US stock futures pointed to a lower open for technology on Tuesday, with futures on the tech-heavy Nasdaq-100 down 292 points, or 0.98%, as semiconductor shares slid before the bell. What made the move notable was its trigger: it came despite, not because of, blowout results from Samsung Electronics, the world’s largest memory-chip maker.

Samsung reported a 19-fold jump in second-quarter operating profit from a year earlier, a record that surpassed its combined earnings over the past three years. On paper, that is exactly the kind of confirmation of booming AI-chip demand that has powered the market’s rally. Instead, investors sold. Samsung’s own shares sank in Seoul, and US memory names fell hard in premarket trading: Western Digital dropped 6.8%, SanDisk 6%, Micron 5.8%, Marvell 5.1% and Intel 4.3%, while Nvidia held up better with a 1.6% dip.

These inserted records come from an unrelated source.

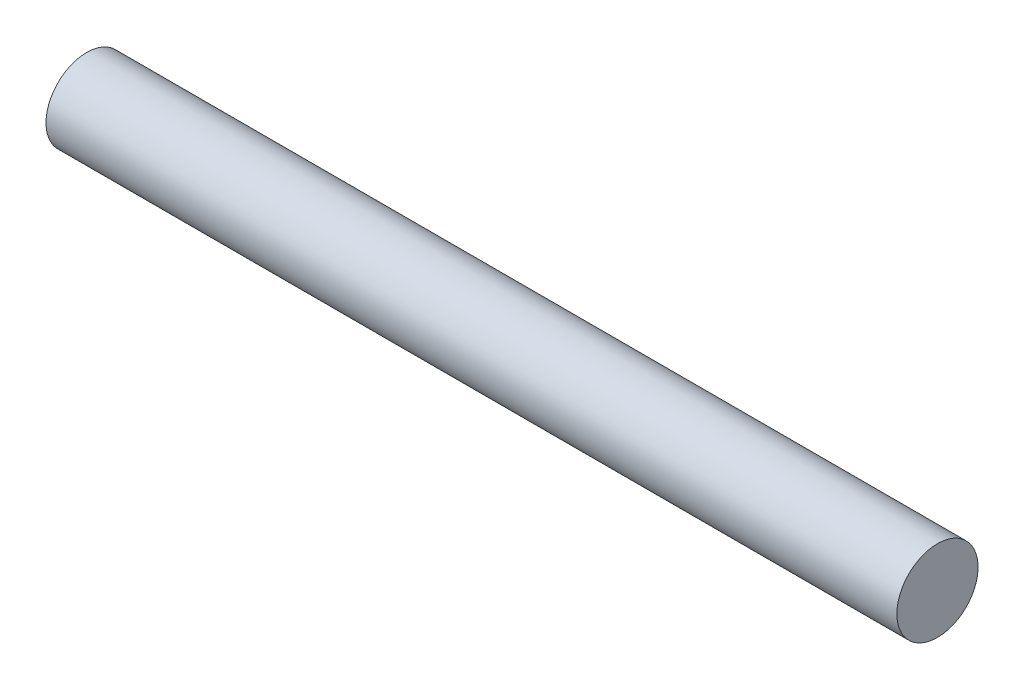
from build123d import *

# Parameters (mm, degrees)
SKETCH1_W = 52.36
SKETCH1_H = 2.5


with BuildPart() as part:
    # Sketch1 → Revolve1 (revolve)
    with BuildSketch(Plane.XY, mode=Mode.PRIVATE) as revolve1_sk:
        with Locations((26.18, 1.25)):
            Rectangle(SKETCH1_W, SKETCH1_H)
    revolve(revolve1_sk.sketch.rotate(Axis((0, 0, 0), (1, 0, 0)), 90), axis=Axis((0, 0, 0), (1, 0, 0)))


solid = part.part
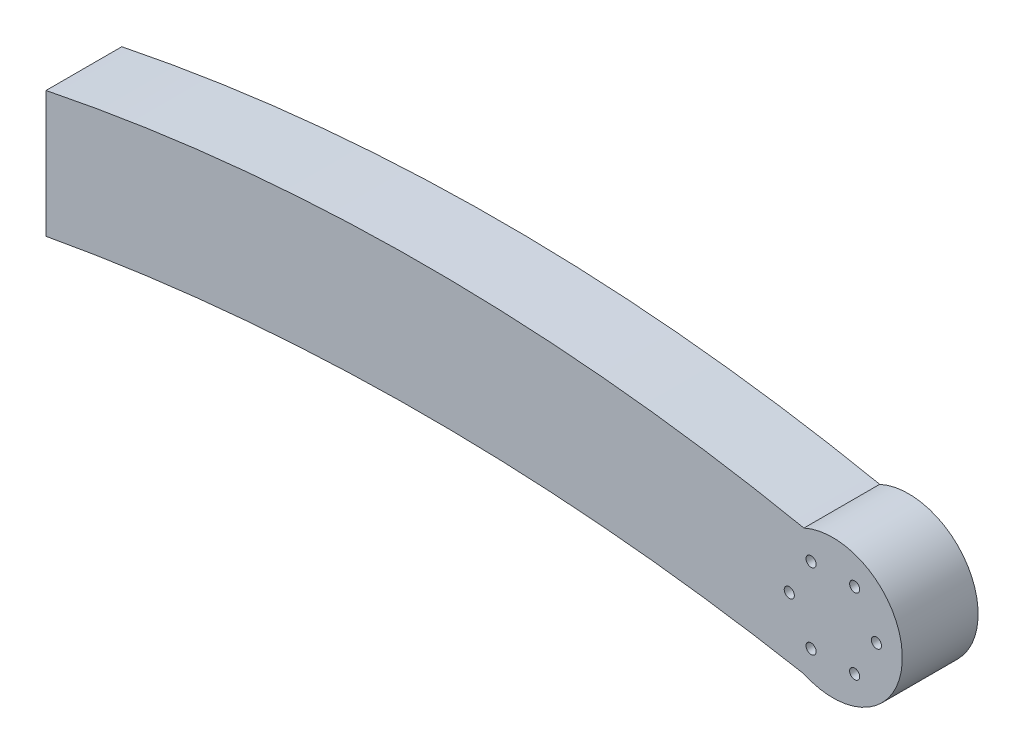
from build123d import *

# Parameters (mm, degrees)
EXTRUDE_1_DEPTH     = 30
SKETCH_2_R          = 2
CUT_EXTRUDE_1_DEPTH = 196.491190428


with BuildPart() as part:
    # 草图1 → 凸台-拉伸1 (new body)
    with BuildSketch(Plane.XY):
        with BuildLine():
            Line((150, 25), (-150, 25))
            Line((-150, 25), (-150, -25))
            ThreePointArc((-150, -25), (0, -11.248129774), (150, -25))
            ThreePointArc((150, -25), (133.956439237, 0), (150, 25))
        make_face()
        with BuildLine():
            ThreePointArc((-150, 25), (0, 40.153077165), (150, 25))
            Line((150, 25), (-150, 25))
        make_face()
        with BuildLine():
            ThreePointArc((188.956439237, 0), (176.309013441, 23.14413618), (150, 25))
            Line((150, 25), (150, -25))
            ThreePointArc((150, -25), (176.309013441, -23.14413618), (188.956439237, 0))
        make_face()
        with BuildLine():
            Line((150, -25), (150, 25))
            ThreePointArc((150, 25), (133.956439237, 0), (150, -25))
        make_face()
    extrude(amount=EXTRUDE_1_DEPTH)

    # 草图2 → 切除-拉伸1 (cut, through all)
    with BuildSketch(Plane.XY.offset(30)):
        with Locations((178.706439237, 0)):
            Circle(SKETCH_2_R)
        with Locations((170.081439237, -14.938938215)):
            Circle(SKETCH_2_R)
        with Locations((152.831439237, -14.938938215)):
            Circle(SKETCH_2_R)
        with Locations((144.206439237, 0)):
            Circle(SKETCH_2_R)
        with Locations((152.831439237, 14.938938215)):
            Circle(SKETCH_2_R)
        with Locations((170.081439237, 14.938938215)):
            Circle(SKETCH_2_R)
    extrude(amount=-CUT_EXTRUDE_1_DEPTH, mode=Mode.SUBTRACT)


solid = part.part
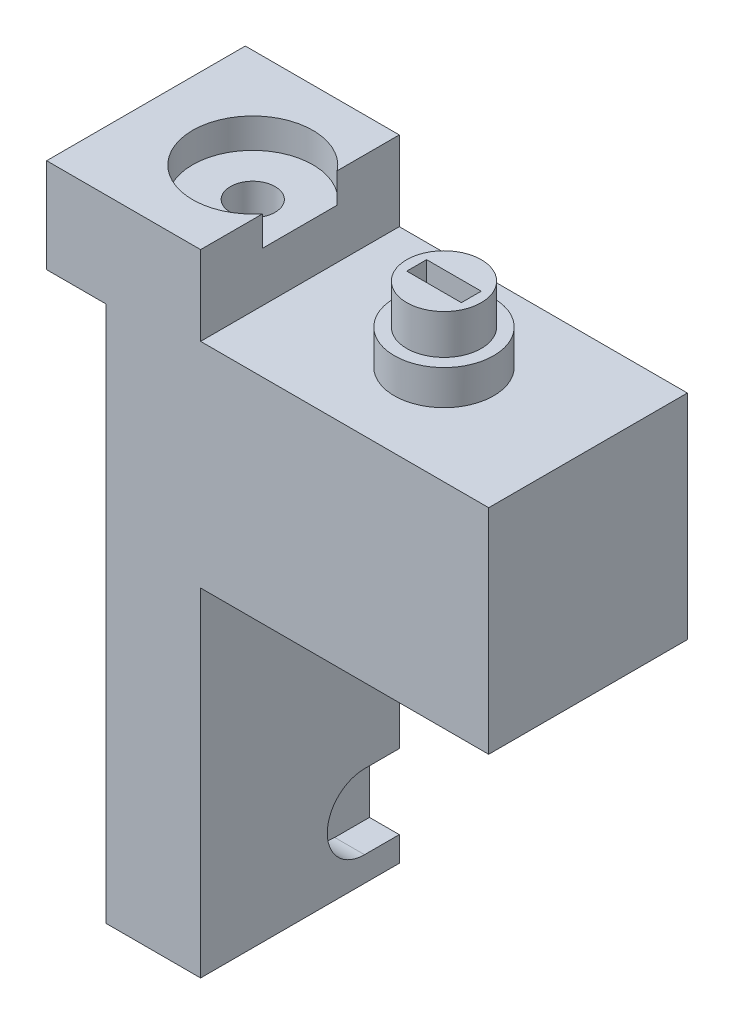
from build123d import *

# Parameters (mm, degrees)
SKETCH1_W           = 14.732
SKETCH1_H           = 10.922
BOSS_EXTRUDE1_DEPTH = 10.16
SKETCH2_R           = 1.143
CUT_EXTRUDE1_DEPTH  = 40.068139551
CUT_EXTRUDE2_DEPTH  = 1.524
CUT_EXTRUDE5_START  = -1.524
SKETCH5_R           = 1.143
CUT_EXTRUDE5_DEPTH  = 1.524
SKETCH6_R           = 2.54
BOSS_EXTRUDE2_DEPTH = 1.778
SKETCH7_R           = 1.905
BOSS_EXTRUDE3_DEPTH = 2.032
SKETCH9_W           = 2.794
SKETCH9_H           = 1.016
CUT_EXTRUDE6_DEPTH  = 2.032


with BuildPart() as part:
    # Sketch1 → Boss-Extrude1 (new body)
    with BuildSketch(Plane.XY):
        with Locations((12.192, 22.733)):
            Rectangle(SKETCH1_W, SKETCH1_H)
        Polygon((-3.048, 27.432), (0, 27.432), (0, 0), (4.826, 0), (4.826, 32.258), (-3.048, 32.258), align=None)
    extrude(amount=-BOSS_EXTRUDE1_DEPTH)

    # Sketch2 → Cut-Extrude1 (cut, through all)
    with BuildSketch(Plane(origin=(0, 0, 0), x_dir=(-1, 0, 0), z_dir=(0, -1, 0))):
        with Locations(Location((-2.413, 5.08, 0), (0, 0, 90))):
            Circle(SKETCH2_R)
    extrude(amount=-CUT_EXTRUDE1_DEPTH, mode=Mode.SUBTRACT)

    # Sketch3 → Cut-Extrude2 (cut)
    with BuildSketch(Plane(origin=(4.826, 0, 0), x_dir=(0, 0, -1), z_dir=(1, 0, 0))):
        with BuildLine():
            Line((10.16, 1.27), (8.382, 1.27))
            ThreePointArc((8.382, 1.27), (6.477, 3.175), (8.382, 5.08))
            Line((8.382, 5.08), (10.16, 5.08))
            Line((10.16, 5.08), (10.16, 1.27))
        make_face()
    extrude(amount=-CUT_EXTRUDE2_DEPTH, mode=Mode.SUBTRACT)

    # Sketch5 → Cut-Extrude5 (cut)
    with BuildSketch(Plane(origin=(0, 32.258, 0), x_dir=(1, 0, 0), z_dir=(0, 1, 0)).offset(CUT_EXTRUDE5_START)):
        with BuildLine():
            Line((4.826, 3.175), (4.826, 5.08))
            Line((4.826, 5.08), (4.826, 6.985))
            ThreePointArc((4.826, 6.985), (-0.661344483, 5.08), (4.826, 3.175))
        make_face()
        with Locations(Location((2.413, 5.08, 0), (0, 0, 90))):
            Circle(SKETCH5_R, mode=Mode.SUBTRACT)
    extrude(amount=CUT_EXTRUDE5_DEPTH, mode=Mode.SUBTRACT)

    # Sketch6 → Boss-Extrude2 (add)
    with BuildSketch(Plane(origin=(0, 28.194, 0), x_dir=(1, 0, 0), z_dir=(0, 1, 0))):
        with Locations(Location((12.192, 5.08, 0), (0, 0, 90))):
            Circle(SKETCH6_R)
    extrude(amount=BOSS_EXTRUDE2_DEPTH)

    # Sketch7 → Boss-Extrude3 (add)
    with BuildSketch(Plane(origin=(0, 29.972, 0), x_dir=(1, 0, 0), z_dir=(0, 1, 0))):
        with Locations(Location((12.192, 5.08, 0), (0, 0, 270))):
            Circle(SKETCH7_R)
    extrude(amount=BOSS_EXTRUDE3_DEPTH)

    # Sketch9 → Cut-Extrude6 (cut)
    with BuildSketch(Plane(origin=(0, 32.004, 0), x_dir=(1, 0, 0), z_dir=(0, 1, 0))):
        with Locations((12.192, 5.08)):
            Rectangle(SKETCH9_W, SKETCH9_H)
    extrude(amount=-CUT_EXTRUDE6_DEPTH, mode=Mode.SUBTRACT)


solid = part.part
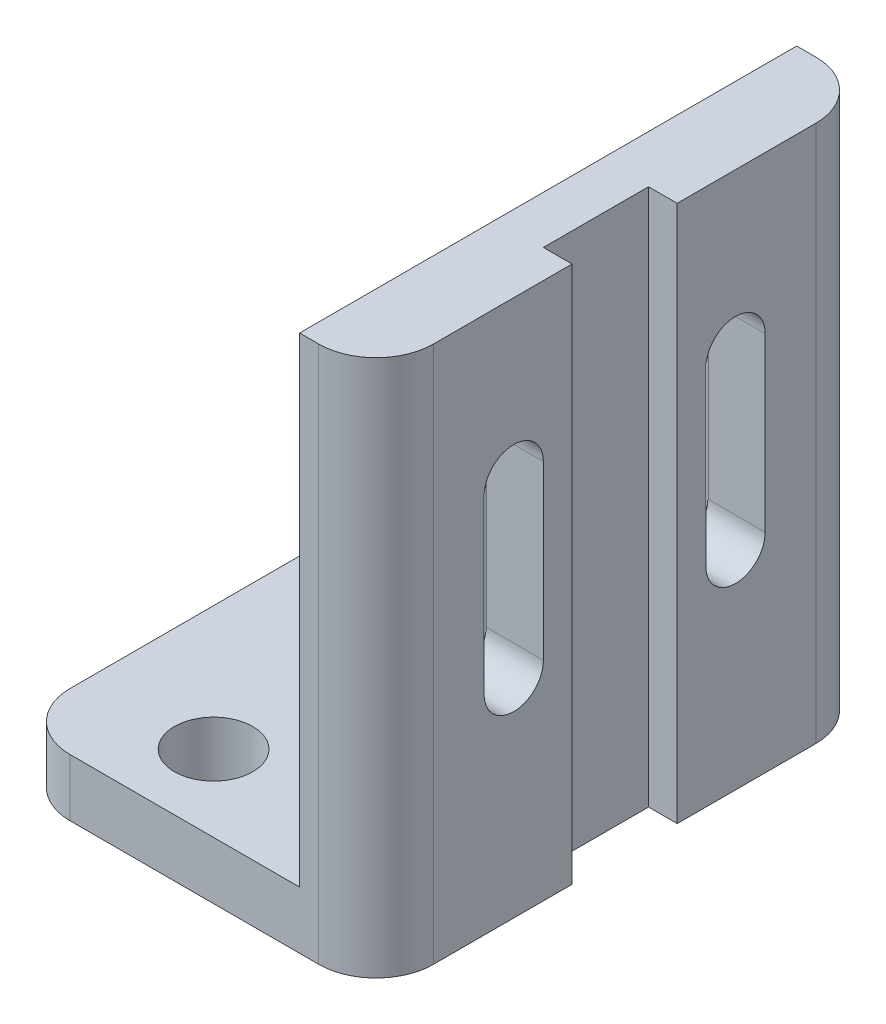
from build123d import *

# Parameters (mm, degrees)
BOSS_EXTRUDE1_DEPTH                       = 26
BLTOUCHPROBEMOUNTHOLESSKETCH2_R           = 2.05
BLTOUCHPROBEMOUNTHOLESCUT_EXTRUDE1_DEPTH  = 41.829033787
FILLET1_R                                 = 3
PROBESLIDINGMOUNTCUT_EXTRUDE3_DEPTH       = 42.117028103
PROBESLIDINGMOUNTCHANELCUT_EXTRUDE4_DEPTH = 1
CABLECHANNELSKETCH1_W                     = 5.5
CABLECHANNELSKETCH1_H                     = 28.1
CABLECUT_EXTRUDE1_DEPTH                   = 1.5


with BuildPart() as part:
    # ProfileSketch1 → Boss-Extrude1 (new body)
    with BuildSketch(Plane.XY):
        Polygon((0, 0), (19, 0), (19, 28.1), (15, 28.1), (15, 3), (0, 3), align=None)
    extrude(amount=BOSS_EXTRUDE1_DEPTH)

    # BLTouchProbeMountHolesSketch2 → BLTouchProbeMountHolesCut-Extrude1 (cut, through all)
    with BuildSketch(Plane(origin=(0, 3, 0), x_dir=(1, 0, 0), z_dir=(0, 1, 0))):
        with Locations(Location((6.5, -4, 0), (0, 0, 180))):
            Circle(BLTOUCHPROBEMOUNTHOLESSKETCH2_R)
        with Locations(Location((6.5, -22, 0), (0, 0, 180))):
            Circle(BLTOUCHPROBEMOUNTHOLESSKETCH2_R)
    extrude(amount=-BLTOUCHPROBEMOUNTHOLESCUT_EXTRUDE1_DEPTH, mode=Mode.SUBTRACT)

    # Fillet1
    fillet1_edges = [part.edges().sort_by_distance(p)[0] for p in [
        (19, 14.05, 26),
        (0, 1.5, 26),
        (19, 14.05, 0),
        (0, 1.5, 0),
    ]]
    fillet(fillet1_edges, radius=FILLET1_R)

    # ProbeSlidingMountSketch4 → ProbeSlidingMountCut-Extrude3 (cut, through all)
    with BuildSketch(Plane.ZY.offset(-15)):
        with BuildLine():
            Line((5.65, 19.9), (5.65, 10.9))
            ThreePointArc((5.65, 10.9), (7.2, 9.35), (8.75, 10.9))
            Line((8.75, 10.9), (8.75, 19.9))
            ThreePointArc((8.75, 19.9), (7.2, 21.45), (5.65, 19.9))
        make_face()
        with BuildLine():
            Line((17.25, 19.9), (17.25, 10.9))
            ThreePointArc((17.25, 10.9), (18.8, 9.35), (20.35, 10.9))
            Line((20.35, 10.9), (20.35, 19.9))
            ThreePointArc((20.35, 19.9), (18.8, 21.45), (17.25, 19.9))
        make_face()
    extrude(amount=-PROBESLIDINGMOUNTCUT_EXTRUDE3_DEPTH, mode=Mode.SUBTRACT)

    # ProbeSlidingMountChannelSketch5 → ProbeSlidingMountChanelCut-Extrude4 (cut)
    with BuildSketch(Plane.ZY.offset(-15)):
        with BuildLine():
            Line((10.4, 19.9), (10.4, 10.9))
            ThreePointArc((10.4, 10.9), (7.2, 7.7), (4, 10.9))
            Line((4, 10.9), (4, 19.9))
            ThreePointArc((4, 19.9), (7.2, 23.1), (10.4, 19.9))
        make_face()
        with BuildLine():
            Line((22, 19.9), (22, 10.9))
            ThreePointArc((22, 10.9), (18.8, 7.7), (15.6, 10.9))
            Line((15.6, 10.9), (15.6, 19.9))
            ThreePointArc((15.6, 19.9), (18.8, 23.1), (22, 19.9))
        make_face()
    extrude(amount=-PROBESLIDINGMOUNTCHANELCUT_EXTRUDE4_DEPTH, mode=Mode.SUBTRACT)

    # CableChannelSketch1 → CableCut-Extrude1 (cut)
    with BuildSketch(Plane(origin=(19, 0, 0), x_dir=(0, 0, -1), z_dir=(1, 0, 0))):
        with Locations((-13, 14.05)):
            Rectangle(CABLECHANNELSKETCH1_W, CABLECHANNELSKETCH1_H)
    extrude(amount=-CABLECUT_EXTRUDE1_DEPTH, mode=Mode.SUBTRACT)


solid = part.part
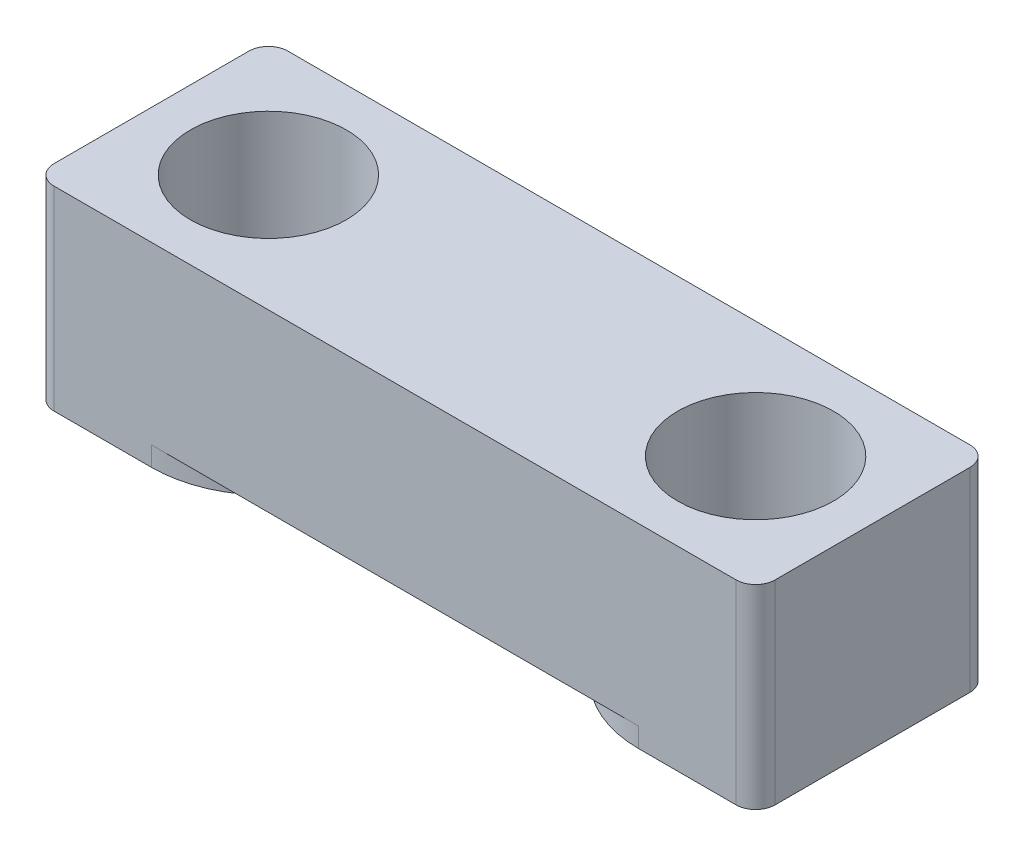
from build123d import *

# Parameters (mm, degrees)
SKETCH1_W           = 14.8
SKETCH1_H           = 4.8
SKETCH1_R           = 1.6
BOSS_EXTRUDE1_DEPTH = 4
CUT_EXTRUDE2_DEPTH  = 0.4
SKETCH3_R           = 1.6
SKETCH3_R_2         = 1.1
BOSS_EXTRUDE2_DEPTH = 1
FILLET1_R           = 0.4


with BuildPart() as part:
    # Sketch1 → Boss-Extrude1 (new body)
    with BuildSketch(Plane(origin=(0, 0, 0), x_dir=(1, 0, 0), z_dir=(0, 1, 0))):
        Rectangle(SKETCH1_W, SKETCH1_H)
        with Locations(Location((-5, 0, 0), (0, 0, 270))):
            Circle(SKETCH1_R, mode=Mode.SUBTRACT)
        with Locations(Location((5, 0, 0), (0, 0, 270))):
            Circle(SKETCH1_R, mode=Mode.SUBTRACT)
    extrude(amount=BOSS_EXTRUDE1_DEPTH)

    # Sketch2 → Cut-Extrude2 (cut)
    with BuildSketch(Plane.XZ):
        with BuildLine():
            Line((-5, -2.4), (5, -2.4))
            ThreePointArc((5, -2.4), (2.6, 0), (5, 2.4))
            Line((5, 2.4), (-5, 2.4))
            ThreePointArc((-5, 2.4), (-2.6, 0), (-5, -2.4))
        make_face()
    extrude(amount=-CUT_EXTRUDE2_DEPTH, mode=Mode.SUBTRACT)

    # Sketch3 → Boss-Extrude2 (add)
    # profile 1 of 2: a face of its own
    with BuildSketch(Plane.XZ):
        with Locations(Location((5, 0, 0), (0, 0, 90))):
            Circle(SKETCH3_R)
        with Locations(Location((5, 0, 0), (0, 0, 270))):
            Circle(SKETCH3_R_2, mode=Mode.SUBTRACT)
    # profile 2 of 2: a face of its own
    with BuildSketch(Plane.XZ):
        with Locations(Location((-5, 0, 0), (0, 0, 90))):
            Circle(SKETCH3_R)
        with Locations(Location((-5, 0, 0), (0, 0, 270))):
            Circle(SKETCH3_R_2, mode=Mode.SUBTRACT)
    extrude(amount=-BOSS_EXTRUDE2_DEPTH)

    # Fillet1
    fillet1_edges = [part.edges().sort_by_distance(p)[0] for p in [
        (-7.4, 2, -2.4),
        (7.4, 2, -2.4),
        (7.4, 2, 2.4),
        (-7.4, 2, 2.4),
    ]]
    fillet(fillet1_edges, radius=FILLET1_R)


solid = part.part

The reaction says more about expectations than about Samsung. After a powerful run in chip stocks, the worry is no longer whether AI demand is real but whether even record profits can justify the trillions of dollars that hyperscalers are pouring into data centers, and whether that spending can ever be repaid. Tellingly, the selling was concentrated in semiconductors rather than the whole market: Dow futures actually edged up 0.18% even as the Nasdaq contracts fell. With memory rival SK Hynix preparing a Nasdaq debut, how investors treat the next round of stellar chip earnings will be a key test of how much optimism is already in the price.

Semiconductors have led the AI-driven bull market, so when a record profit from a bellwether like Samsung is met with selling rather than buying, it signals that investors are starting to question how much good news is already priced in, and because a handful of chip names drive the major indexes, that doubt can quickly set the tone for global tech.